*** Opening Source material ***

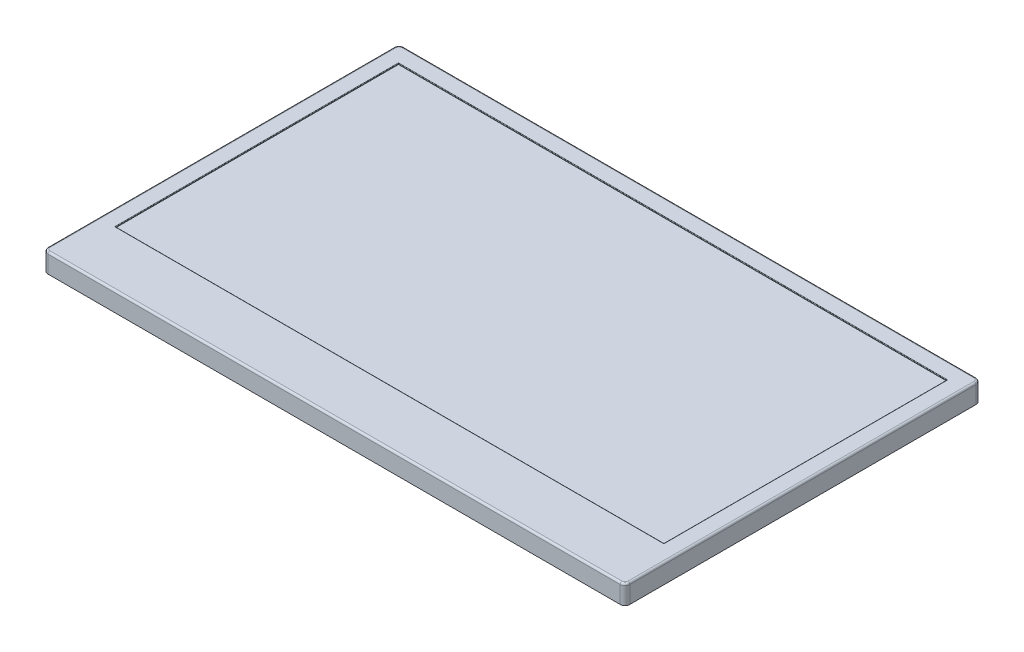
ISO-10303-21;
HEADER;
FILE_DESCRIPTION(('STEP AP214'),'2;1');
FILE_NAME('part.step','',(''),(''),'','','');
FILE_SCHEMA(('AUTOMOTIVE_DESIGN { 1 0 10303 214 1 1 1 1 }'));
ENDSEC;
DATA;
#1=APPLICATION_CONTEXT('core data for automotive mechanical design processes');
#2=APPLICATION_PROTOCOL_DEFINITION('international standard','automotive_design',2000,#1);
#3=PRODUCT_CONTEXT('',#1,'mechanical');
#4=PRODUCT('Part','Part','',(#3));
#5=PRODUCT_RELATED_PRODUCT_CATEGORY('part','',(#4));
#6=PRODUCT_DEFINITION_FORMATION('','',#4);
#7=PRODUCT_DEFINITION_CONTEXT('part definition',#1,'design');
#8=PRODUCT_DEFINITION('design','',#6,#7);
#9=PRODUCT_DEFINITION_SHAPE('','',#8);
#10=(LENGTH_UNIT() NAMED_UNIT(*) SI_UNIT(.MILLI.,.METRE.));
#11=(NAMED_UNIT(*) PLANE_ANGLE_UNIT() SI_UNIT($,.RADIAN.));
#12=(NAMED_UNIT(*) SI_UNIT($,.STERADIAN.) SOLID_ANGLE_UNIT());
#13=UNCERTAINTY_MEASURE_WITH_UNIT(LENGTH_MEASURE(1.E-05),#10,'distance_accuracy_value','');
#14=(GEOMETRIC_REPRESENTATION_CONTEXT(3) GLOBAL_UNCERTAINTY_ASSIGNED_CONTEXT((#13)) GLOBAL_UNIT_ASSIGNED_CONTEXT((#10,
#11,#12)) REPRESENTATION_CONTEXT('',''));
#15=CARTESIAN_POINT('',(0.,0.,0.));
#16=DIRECTION('',(0.,0.,1.));
#17=DIRECTION('',(1.,0.,0.));
#18=AXIS2_PLACEMENT_3D('',#15,#16,#17);
#19=CARTESIAN_POINT('',(0.,2.,0.));
#20=DIRECTION('',(-1.,0.,0.));
#21=DIRECTION('',(0.,0.,1.));
#22=AXIS2_PLACEMENT_3D('',#19,#20,#21);
#23=PLANE('',#22);
#24=DIRECTION('',(0.,-1.,0.));
#25=VECTOR('',#24,1.);
#26=CARTESIAN_POINT('',(0.,2.,-0.5));
#27=LINE('',#26,#25);
#28=CARTESIAN_POINT('',(0.,0.,-0.5));
#29=VERTEX_POINT('',#28);
#30=CARTESIAN_POINT('',(0.,1.8,-0.5));
#31=VERTEX_POINT('',#30);
#32=EDGE_CURVE('E226',#29,#31,#27,.F.);
#33=ORIENTED_EDGE('',*,*,#32,.T.);
#34=DIRECTION('',(0.,0.,-1.));
#35=VECTOR('',#34,1.);
#36=CARTESIAN_POINT('',(0.,1.8,-36.5));
#37=LINE('',#36,#35);
#38=CARTESIAN_POINT('',(0.,1.8,-36.5));
#39=VERTEX_POINT('',#38);
#40=EDGE_CURVE('E271',#31,#39,#37,.T.);
#41=ORIENTED_EDGE('',*,*,#40,.T.);
#42=DIRECTION('',(0.,-1.,0.));
#43=VECTOR('',#42,1.);
#44=CARTESIAN_POINT('',(0.,2.,-36.5));
#45=LINE('',#44,#43);
#46=CARTESIAN_POINT('',(0.,0.,-36.5));
#47=VERTEX_POINT('',#46);
#48=EDGE_CURVE('E224',#39,#47,#45,.T.);
#49=ORIENTED_EDGE('',*,*,#48,.T.);
#50=DIRECTION('',(0.,0.,-1.));
#51=VECTOR('',#50,1.);
#52=CARTESIAN_POINT('',(0.,0.,0.));
#53=LINE('',#52,#51);
#54=EDGE_CURVE('E196',#29,#47,#53,.T.);
#55=ORIENTED_EDGE('',*,*,#54,.F.);
#56=EDGE_LOOP('',(#33,#41,#49,#55));
#57=FACE_BOUND('',#56,.T.);
#58=ADVANCED_FACE('F37',(#57),#23,.T.);
#59=CARTESIAN_POINT('',(0.,2.,0.));
#60=DIRECTION('',(0.,0.,-1.));
#61=DIRECTION('',(-1.,0.,0.));
#62=AXIS2_PLACEMENT_3D('',#59,#60,#61);
#63=PLANE('',#62);
#64=DIRECTION('',(0.,-1.,0.));
#65=VECTOR('',#64,1.);
#66=CARTESIAN_POINT('',(60.,2.,0.));
#67=LINE('',#66,#65);
#68=CARTESIAN_POINT('',(60.,0.,0.));
#69=VERTEX_POINT('',#68);
#70=CARTESIAN_POINT('',(60.,1.8,0.));
#71=VERTEX_POINT('',#70);
#72=EDGE_CURVE('E211',#69,#71,#67,.F.);
#73=ORIENTED_EDGE('',*,*,#72,.T.);
#74=DIRECTION('',(1.,0.,0.));
#75=VECTOR('',#74,1.);
#76=CARTESIAN_POINT('',(0.,1.8,0.));
#77=LINE('',#76,#75);
#78=CARTESIAN_POINT('',(0.5,1.8,0.));
#79=VERTEX_POINT('',#78);
#80=EDGE_CURVE('E259',#71,#79,#77,.F.);
#81=ORIENTED_EDGE('',*,*,#80,.T.);
#82=DIRECTION('',(0.,-1.,0.));
#83=VECTOR('',#82,1.);
#84=CARTESIAN_POINT('',(0.5,0.,0.));
#85=LINE('',#84,#83);
#86=CARTESIAN_POINT('',(0.5,0.,0.));
#87=VERTEX_POINT('',#86);
#88=EDGE_CURVE('E214',#79,#87,#85,.T.);
#89=ORIENTED_EDGE('',*,*,#88,.T.);
#90=DIRECTION('',(1.,0.,0.));
#91=VECTOR('',#90,1.);
#92=CARTESIAN_POINT('',(0.,0.,0.));
#93=LINE('',#92,#91);
#94=EDGE_CURVE('E208',#87,#69,#93,.T.);
#95=ORIENTED_EDGE('',*,*,#94,.T.);
#96=EDGE_LOOP('',(#73,#81,#89,#95));
#97=FACE_BOUND('',#96,.T.);
#98=ADVANCED_FACE('F341',(#97),#63,.F.);
#99=CARTESIAN_POINT('',(60.5,2.,0.));
#100=DIRECTION('',(-1.,0.,0.));
#101=DIRECTION('',(0.,0.,1.));
#102=AXIS2_PLACEMENT_3D('',#99,#100,#101);
#103=PLANE('',#102);
#104=DIRECTION('',(0.,-1.,0.));
#105=VECTOR('',#104,1.);
#106=CARTESIAN_POINT('',(60.5,2.,-36.5));
#107=LINE('',#106,#105);
#108=CARTESIAN_POINT('',(60.5,0.,-36.5));
#109=VERTEX_POINT('',#108);
#110=CARTESIAN_POINT('',(60.5,1.8,-36.5));
#111=VERTEX_POINT('',#110);
#112=EDGE_CURVE('E229',#109,#111,#107,.F.);
#113=ORIENTED_EDGE('',*,*,#112,.T.);
#114=DIRECTION('',(0.,0.,-1.));
#115=VECTOR('',#114,1.);
#116=CARTESIAN_POINT('',(60.5,1.8,0.));
#117=LINE('',#116,#115);
#118=CARTESIAN_POINT('',(60.5,1.8,-0.5));
#119=VERTEX_POINT('',#118);
#120=EDGE_CURVE('E263',#111,#119,#117,.F.);
#121=ORIENTED_EDGE('',*,*,#120,.T.);
#122=DIRECTION('',(0.,-1.,0.));
#123=VECTOR('',#122,1.);
#124=CARTESIAN_POINT('',(60.5,2.,-0.5));
#125=LINE('',#124,#123);
#126=CARTESIAN_POINT('',(60.5,0.,-0.5));
#127=VERTEX_POINT('',#126);
#128=EDGE_CURVE('E232',#119,#127,#125,.T.);
#129=ORIENTED_EDGE('',*,*,#128,.T.);
#130=DIRECTION('',(0.,0.,-1.));
#131=VECTOR('',#130,1.);
#132=CARTESIAN_POINT('',(60.5,0.,0.));
#133=LINE('',#132,#131);
#134=EDGE_CURVE('E205',#127,#109,#133,.T.);
#135=ORIENTED_EDGE('',*,*,#134,.T.);
#136=EDGE_LOOP('',(#113,#121,#129,#135));
#137=FACE_BOUND('',#136,.T.);
#138=ADVANCED_FACE('F347',(#137),#103,.F.);
#139=CARTESIAN_POINT('',(0.,2.,-37.));
#140=DIRECTION('',(0.,0.,-1.));
#141=DIRECTION('',(-1.,0.,0.));
#142=AXIS2_PLACEMENT_3D('',#139,#140,#141);
#143=PLANE('',#142);
#144=DIRECTION('',(0.,-1.,0.));
#145=VECTOR('',#144,1.);
#146=CARTESIAN_POINT('',(0.5,2.,-37.));
#147=LINE('',#146,#145);
#148=CARTESIAN_POINT('',(0.5,0.,-37.));
#149=VERTEX_POINT('',#148);
#150=CARTESIAN_POINT('',(0.5,1.8,-37.));
#151=VERTEX_POINT('',#150);
#152=EDGE_CURVE('E234',#149,#151,#147,.F.);
#153=ORIENTED_EDGE('',*,*,#152,.T.);
#154=DIRECTION('',(1.,0.,0.));
#155=VECTOR('',#154,1.);
#156=CARTESIAN_POINT('',(60.,1.8,-37.));
#157=LINE('',#156,#155);
#158=CARTESIAN_POINT('',(60.,1.8,-37.));
#159=VERTEX_POINT('',#158);
#160=EDGE_CURVE('E267',#151,#159,#157,.T.);
#161=ORIENTED_EDGE('',*,*,#160,.T.);
#162=DIRECTION('',(0.,-1.,0.));
#163=VECTOR('',#162,1.);
#164=CARTESIAN_POINT('',(60.,0.,-37.));
#165=LINE('',#164,#163);
#166=CARTESIAN_POINT('',(60.,0.,-37.));
#167=VERTEX_POINT('',#166);
#168=EDGE_CURVE('E237',#159,#167,#165,.T.);
#169=ORIENTED_EDGE('',*,*,#168,.T.);
#170=DIRECTION('',(1.,0.,0.));
#171=VECTOR('',#170,1.);
#172=CARTESIAN_POINT('',(0.,0.,-37.));
#173=LINE('',#172,#171);
#174=EDGE_CURVE('E202',#149,#167,#173,.T.);
#175=ORIENTED_EDGE('',*,*,#174,.F.);
#176=EDGE_LOOP('',(#153,#161,#169,#175));
#177=FACE_BOUND('',#176,.T.);
#178=ADVANCED_FACE('F352',(#177),#143,.T.);
#179=CARTESIAN_POINT('',(0.,2.,0.));
#180=DIRECTION('',(0.,-1.,0.));
#181=DIRECTION('',(0.,0.,-1.));
#182=AXIS2_PLACEMENT_3D('',#179,#180,#181);
#183=PLANE('',#182);
#184=DIRECTION('',(0.,0.,-1.));
#185=VECTOR('',#184,1.);
#186=CARTESIAN_POINT('',(58.805,2.,0.));
#187=LINE('',#186,#185);
#188=CARTESIAN_POINT('',(58.805,2.,-35.25));
#189=VERTEX_POINT('',#188);
#190=CARTESIAN_POINT('',(58.805,2.,-5.74));
#191=VERTEX_POINT('',#190);
#192=EDGE_CURVE('E297',#189,#191,#187,.F.);
#193=ORIENTED_EDGE('',*,*,#192,.T.);
#194=DIRECTION('',(1.,0.,0.));
#195=VECTOR('',#194,1.);
#196=CARTESIAN_POINT('',(0.,2.,-5.74));
#197=LINE('',#196,#195);
#198=CARTESIAN_POINT('',(1.695,2.,-5.74));
#199=VERTEX_POINT('',#198);
#200=EDGE_CURVE('E299',#191,#199,#197,.F.);
#201=ORIENTED_EDGE('',*,*,#200,.T.);
#202=DIRECTION('',(0.,0.,1.));
#203=VECTOR('',#202,1.);
#204=CARTESIAN_POINT('',(1.695,2.,0.));
#205=LINE('',#204,#203);
#206=CARTESIAN_POINT('',(1.695,2.,-35.25));
#207=VERTEX_POINT('',#206);
#208=EDGE_CURVE('E293',#199,#207,#205,.F.);
#209=ORIENTED_EDGE('',*,*,#208,.T.);
#210=DIRECTION('',(-1.,0.,0.));
#211=VECTOR('',#210,1.);
#212=CARTESIAN_POINT('',(0.,2.,-35.25));
#213=LINE('',#212,#211);
#214=EDGE_CURVE('E295',#207,#189,#213,.F.);
#215=ORIENTED_EDGE('',*,*,#214,.T.);
#216=EDGE_LOOP('',(#193,#201,#209,#215));
#217=FACE_BOUND('',#216,.T.);
#218=DIRECTION('',(0.,0.,-1.));
#219=VECTOR('',#218,1.);
#220=CARTESIAN_POINT('',(0.2,2.,-0.5));
#221=LINE('',#220,#219);
#222=CARTESIAN_POINT('',(0.2,2.,-36.5));
#223=VERTEX_POINT('',#222);
#224=CARTESIAN_POINT('',(0.2,2.,-0.5));
#225=VERTEX_POINT('',#224);
#226=EDGE_CURVE('E239',#223,#225,#221,.F.);
#227=ORIENTED_EDGE('',*,*,#226,.T.);
#228=CARTESIAN_POINT('',(0.5,2.,-0.5));
#229=DIRECTION('',(0.,-1.,0.));
#230=DIRECTION('',(0.,0.,-1.));
#231=AXIS2_PLACEMENT_3D('',#228,#229,#230);
#232=CIRCLE('',#231,0.3);
#233=CARTESIAN_POINT('',(0.5,2.,-0.2));
#234=VERTEX_POINT('',#233);
#235=EDGE_CURVE('E253',#225,#234,#232,.F.);
#236=ORIENTED_EDGE('',*,*,#235,.T.);
#237=DIRECTION('',(1.,0.,0.));
#238=VECTOR('',#237,1.);
#239=CARTESIAN_POINT('',(0.,2.,-0.2));
#240=LINE('',#239,#238);
#241=CARTESIAN_POINT('',(60.,2.,-0.2));
#242=VERTEX_POINT('',#241);
#243=EDGE_CURVE('E251',#234,#242,#240,.T.);
#244=ORIENTED_EDGE('',*,*,#243,.T.);
#245=CARTESIAN_POINT('',(60.,2.,-0.5));
#246=DIRECTION('',(0.,-1.,0.));
#247=DIRECTION('',(0.,0.,-1.));
#248=AXIS2_PLACEMENT_3D('',#245,#246,#247);
#249=CIRCLE('',#248,0.3);
#250=CARTESIAN_POINT('',(60.3,2.,-0.5));
#251=VERTEX_POINT('',#250);
#252=EDGE_CURVE('E249',#242,#251,#249,.F.);
#253=ORIENTED_EDGE('',*,*,#252,.T.);
#254=DIRECTION('',(0.,0.,-1.));
#255=VECTOR('',#254,1.);
#256=CARTESIAN_POINT('',(60.3,2.,0.));
#257=LINE('',#256,#255);
#258=CARTESIAN_POINT('',(60.3,2.,-36.5));
#259=VERTEX_POINT('',#258);
#260=EDGE_CURVE('E247',#251,#259,#257,.T.);
#261=ORIENTED_EDGE('',*,*,#260,.T.);
#262=CARTESIAN_POINT('',(60.,2.,-36.5));
#263=DIRECTION('',(0.,-1.,0.));
#264=DIRECTION('',(0.,0.,-1.));
#265=AXIS2_PLACEMENT_3D('',#262,#263,#264);
#266=CIRCLE('',#265,0.3);
#267=CARTESIAN_POINT('',(60.,2.,-36.8));
#268=VERTEX_POINT('',#267);
#269=EDGE_CURVE('E245',#259,#268,#266,.F.);
#270=ORIENTED_EDGE('',*,*,#269,.T.);
#271=DIRECTION('',(1.,0.,0.));
#272=VECTOR('',#271,1.);
#273=CARTESIAN_POINT('',(0.5,2.,-36.8));
#274=LINE('',#273,#272);
#275=CARTESIAN_POINT('',(0.5,2.,-36.8));
#276=VERTEX_POINT('',#275);
#277=EDGE_CURVE('E243',#268,#276,#274,.F.);
#278=ORIENTED_EDGE('',*,*,#277,.T.);
#279=CARTESIAN_POINT('',(0.5,2.,-36.5));
#280=DIRECTION('',(0.,-1.,0.));
#281=DIRECTION('',(0.,0.,-1.));
#282=AXIS2_PLACEMENT_3D('',#279,#280,#281);
#283=CIRCLE('',#282,0.3);
#284=EDGE_CURVE('E241',#276,#223,#283,.F.);
#285=ORIENTED_EDGE('',*,*,#284,.T.);
#286=EDGE_LOOP('',(#227,#236,#244,#253,#261,#270,#278,#285));
#287=FACE_BOUND('',#286,.T.);
#288=ADVANCED_FACE('F320',(#217,#287),#183,.F.);
#289=CARTESIAN_POINT('',(0.,0.,0.));
#290=DIRECTION('',(0.,-1.,0.));
#291=DIRECTION('',(0.,0.,-1.));
#292=AXIS2_PLACEMENT_3D('',#289,#290,#291);
#293=PLANE('',#292);
#294=ORIENTED_EDGE('',*,*,#94,.F.);
#295=CARTESIAN_POINT('',(0.5,0.,-0.5));
#296=DIRECTION('',(0.,-1.,0.));
#297=DIRECTION('',(0.,0.,-1.));
#298=AXIS2_PLACEMENT_3D('',#295,#296,#297);
#299=CIRCLE('',#298,0.5);
#300=EDGE_CURVE('E222',#87,#29,#299,.T.);
#301=ORIENTED_EDGE('',*,*,#300,.T.);
#302=ORIENTED_EDGE('',*,*,#54,.T.);
#303=CARTESIAN_POINT('',(0.5,0.,-36.5));
#304=DIRECTION('',(0.,-1.,0.));
#305=DIRECTION('',(0.,0.,-1.));
#306=AXIS2_PLACEMENT_3D('',#303,#304,#305);
#307=CIRCLE('',#306,0.5);
#308=EDGE_CURVE('E216',#47,#149,#307,.T.);
#309=ORIENTED_EDGE('',*,*,#308,.T.);
#310=ORIENTED_EDGE('',*,*,#174,.T.);
#311=CARTESIAN_POINT('',(60.,0.,-36.5));
#312=DIRECTION('',(0.,-1.,0.));
#313=DIRECTION('',(0.,0.,-1.));
#314=AXIS2_PLACEMENT_3D('',#311,#312,#313);
#315=CIRCLE('',#314,0.5);
#316=EDGE_CURVE('E218',#167,#109,#315,.T.);
#317=ORIENTED_EDGE('',*,*,#316,.T.);
#318=ORIENTED_EDGE('',*,*,#134,.F.);
#319=CARTESIAN_POINT('',(60.,0.,-0.5));
#320=DIRECTION('',(0.,-1.,0.));
#321=DIRECTION('',(0.,0.,-1.));
#322=AXIS2_PLACEMENT_3D('',#319,#320,#321);
#323=CIRCLE('',#322,0.5);
#324=EDGE_CURVE('E220',#127,#69,#323,.T.);
#325=ORIENTED_EDGE('',*,*,#324,.T.);
#326=EDGE_LOOP('',(#294,#301,#302,#309,#310,#317,#318,#325));
#327=FACE_BOUND('',#326,.T.);
#328=ADVANCED_FACE('F337',(#327),#293,.T.);
#329=CARTESIAN_POINT('',(1.745,1.9,-35.2));
#330=DIRECTION('',(-1.,0.,0.));
#331=DIRECTION('',(0.,0.,1.));
#332=AXIS2_PLACEMENT_3D('',#329,#330,#331);
#333=PLANE('',#332);
#334=DIRECTION('',(0.,1.,0.));
#335=VECTOR('',#334,1.);
#336=CARTESIAN_POINT('',(1.745,1.9,-35.2));
#337=LINE('',#336,#335);
#338=CARTESIAN_POINT('',(1.745,1.9,-35.2));
#339=VERTEX_POINT('',#338);
#340=CARTESIAN_POINT('',(1.745,1.95,-35.2));
#341=VERTEX_POINT('',#340);
#342=EDGE_CURVE('E194',#339,#341,#337,.T.);
#343=ORIENTED_EDGE('',*,*,#342,.T.);
#344=DIRECTION('',(0.,0.,1.));
#345=VECTOR('',#344,1.);
#346=CARTESIAN_POINT('',(1.745,1.95,-35.2));
#347=LINE('',#346,#345);
#348=CARTESIAN_POINT('',(1.745,1.95,-5.79));
#349=VERTEX_POINT('',#348);
#350=EDGE_CURVE('E11',#341,#349,#347,.T.);
#351=ORIENTED_EDGE('',*,*,#350,.T.);
#352=DIRECTION('',(0.,1.,0.));
#353=VECTOR('',#352,1.);
#354=CARTESIAN_POINT('',(1.745,1.9,-5.79));
#355=LINE('',#354,#353);
#356=CARTESIAN_POINT('',(1.745,1.9,-5.79));
#357=VERTEX_POINT('',#356);
#358=EDGE_CURVE('E163',#357,#349,#355,.T.);
#359=ORIENTED_EDGE('',*,*,#358,.F.);
#360=DIRECTION('',(0.,0.,1.));
#361=VECTOR('',#360,1.);
#362=CARTESIAN_POINT('',(1.745,1.9,-35.2));
#363=LINE('',#362,#361);
#364=EDGE_CURVE('E167',#339,#357,#363,.T.);
#365=ORIENTED_EDGE('',*,*,#364,.F.);
#366=EDGE_LOOP('',(#343,#351,#359,#365));
#367=FACE_BOUND('',#366,.T.);
#368=ADVANCED_FACE('F165',(#367),#333,.F.);
#369=CARTESIAN_POINT('',(1.745,1.9,-35.2));
#370=DIRECTION('',(0.,0.,-1.));
#371=DIRECTION('',(-1.,0.,0.));
#372=AXIS2_PLACEMENT_3D('',#369,#370,#371);
#373=PLANE('',#372);
#374=DIRECTION('',(0.,1.,0.));
#375=VECTOR('',#374,1.);
#376=CARTESIAN_POINT('',(58.755,1.9,-35.2));
#377=LINE('',#376,#375);
#378=CARTESIAN_POINT('',(58.755,1.9,-35.2));
#379=VERTEX_POINT('',#378);
#380=CARTESIAN_POINT('',(58.755,1.95,-35.2));
#381=VERTEX_POINT('',#380);
#382=EDGE_CURVE('E197',#379,#381,#377,.T.);
#383=ORIENTED_EDGE('',*,*,#382,.T.);
#384=DIRECTION('',(-1.,0.,0.));
#385=VECTOR('',#384,1.);
#386=CARTESIAN_POINT('',(1.745,1.95,-35.2));
#387=LINE('',#386,#385);
#388=EDGE_CURVE('E46',#381,#341,#387,.T.);
#389=ORIENTED_EDGE('',*,*,#388,.T.);
#390=ORIENTED_EDGE('',*,*,#342,.F.);
#391=DIRECTION('',(-1.,0.,0.));
#392=VECTOR('',#391,1.);
#393=CARTESIAN_POINT('',(1.745,1.9,-35.2));
#394=LINE('',#393,#392);
#395=EDGE_CURVE('E174',#379,#339,#394,.T.);
#396=ORIENTED_EDGE('',*,*,#395,.F.);
#397=EDGE_LOOP('',(#383,#389,#390,#396));
#398=FACE_BOUND('',#397,.T.);
#399=ADVANCED_FACE('F329',(#398),#373,.F.);
#400=CARTESIAN_POINT('',(58.755,1.9,-35.2));
#401=DIRECTION('',(1.,0.,0.));
#402=DIRECTION('',(0.,0.,-1.));
#403=AXIS2_PLACEMENT_3D('',#400,#401,#402);
#404=PLANE('',#403);
#405=DIRECTION('',(0.,1.,0.));
#406=VECTOR('',#405,1.);
#407=CARTESIAN_POINT('',(58.755,1.9,-5.79));
#408=LINE('',#407,#406);
#409=CARTESIAN_POINT('',(58.755,1.9,-5.79));
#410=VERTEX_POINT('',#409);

*** Closing Source material ***

▸ **Task directions**: Quote the data above from the line containing "#131=VECTOR('',#130,1.);" to the line containing "#172=CARTESIAN_POINT('',(0.,0.,-37.));", inclusive, and stop.

▸ **Solution**:
#131=VECTOR('',#130,1.);
#132=CARTESIAN_POINT('',(60.5,0.,0.));
#133=LINE('',#132,#131);
#134=EDGE_CURVE('E205',#127,#109,#133,.T.);
#135=ORIENTED_EDGE('',*,*,#134,.T.);
#136=EDGE_LOOP('',(#113,#121,#129,#135));
#137=FACE_BOUND('',#136,.T.);
#138=ADVANCED_FACE('F347',(#137),#103,.F.);
#139=CARTESIAN_POINT('',(0.,2.,-37.));
#140=DIRECTION('',(0.,0.,-1.));
#141=DIRECTION('',(-1.,0.,0.));
#142=AXIS2_PLACEMENT_3D('',#139,#140,#141);
#143=PLANE('',#142);
#144=DIRECTION('',(0.,-1.,0.));
#145=VECTOR('',#144,1.);
#146=CARTESIAN_POINT('',(0.5,2.,-37.));
#147=LINE('',#146,#145);
#148=CARTESIAN_POINT('',(0.5,0.,-37.));
#149=VERTEX_POINT('',#148);
#150=CARTESIAN_POINT('',(0.5,1.8,-37.));
#151=VERTEX_POINT('',#150);
#152=EDGE_CURVE('E234',#149,#151,#147,.F.);
#153=ORIENTED_EDGE('',*,*,#152,.T.);
#154=DIRECTION('',(1.,0.,0.));
#155=VECTOR('',#154,1.);
#156=CARTESIAN_POINT('',(60.,1.8,-37.));
#157=LINE('',#156,#155);
#158=CARTESIAN_POINT('',(60.,1.8,-37.));
#159=VERTEX_POINT('',#158);
#160=EDGE_CURVE('E267',#151,#159,#157,.T.);
#161=ORIENTED_EDGE('',*,*,#160,.T.);
#162=DIRECTION('',(0.,-1.,0.));
#163=VECTOR('',#162,1.);
#164=CARTESIAN_POINT('',(60.,0.,-37.));
#165=LINE('',#164,#163);
#166=CARTESIAN_POINT('',(60.,0.,-37.));
#167=VERTEX_POINT('',#166);
#168=EDGE_CURVE('E237',#159,#167,#165,.T.);
#169=ORIENTED_EDGE('',*,*,#168,.T.);
#170=DIRECTION('',(1.,0.,0.));
#171=VECTOR('',#170,1.);
#172=CARTESIAN_POINT('',(0.,0.,-37.));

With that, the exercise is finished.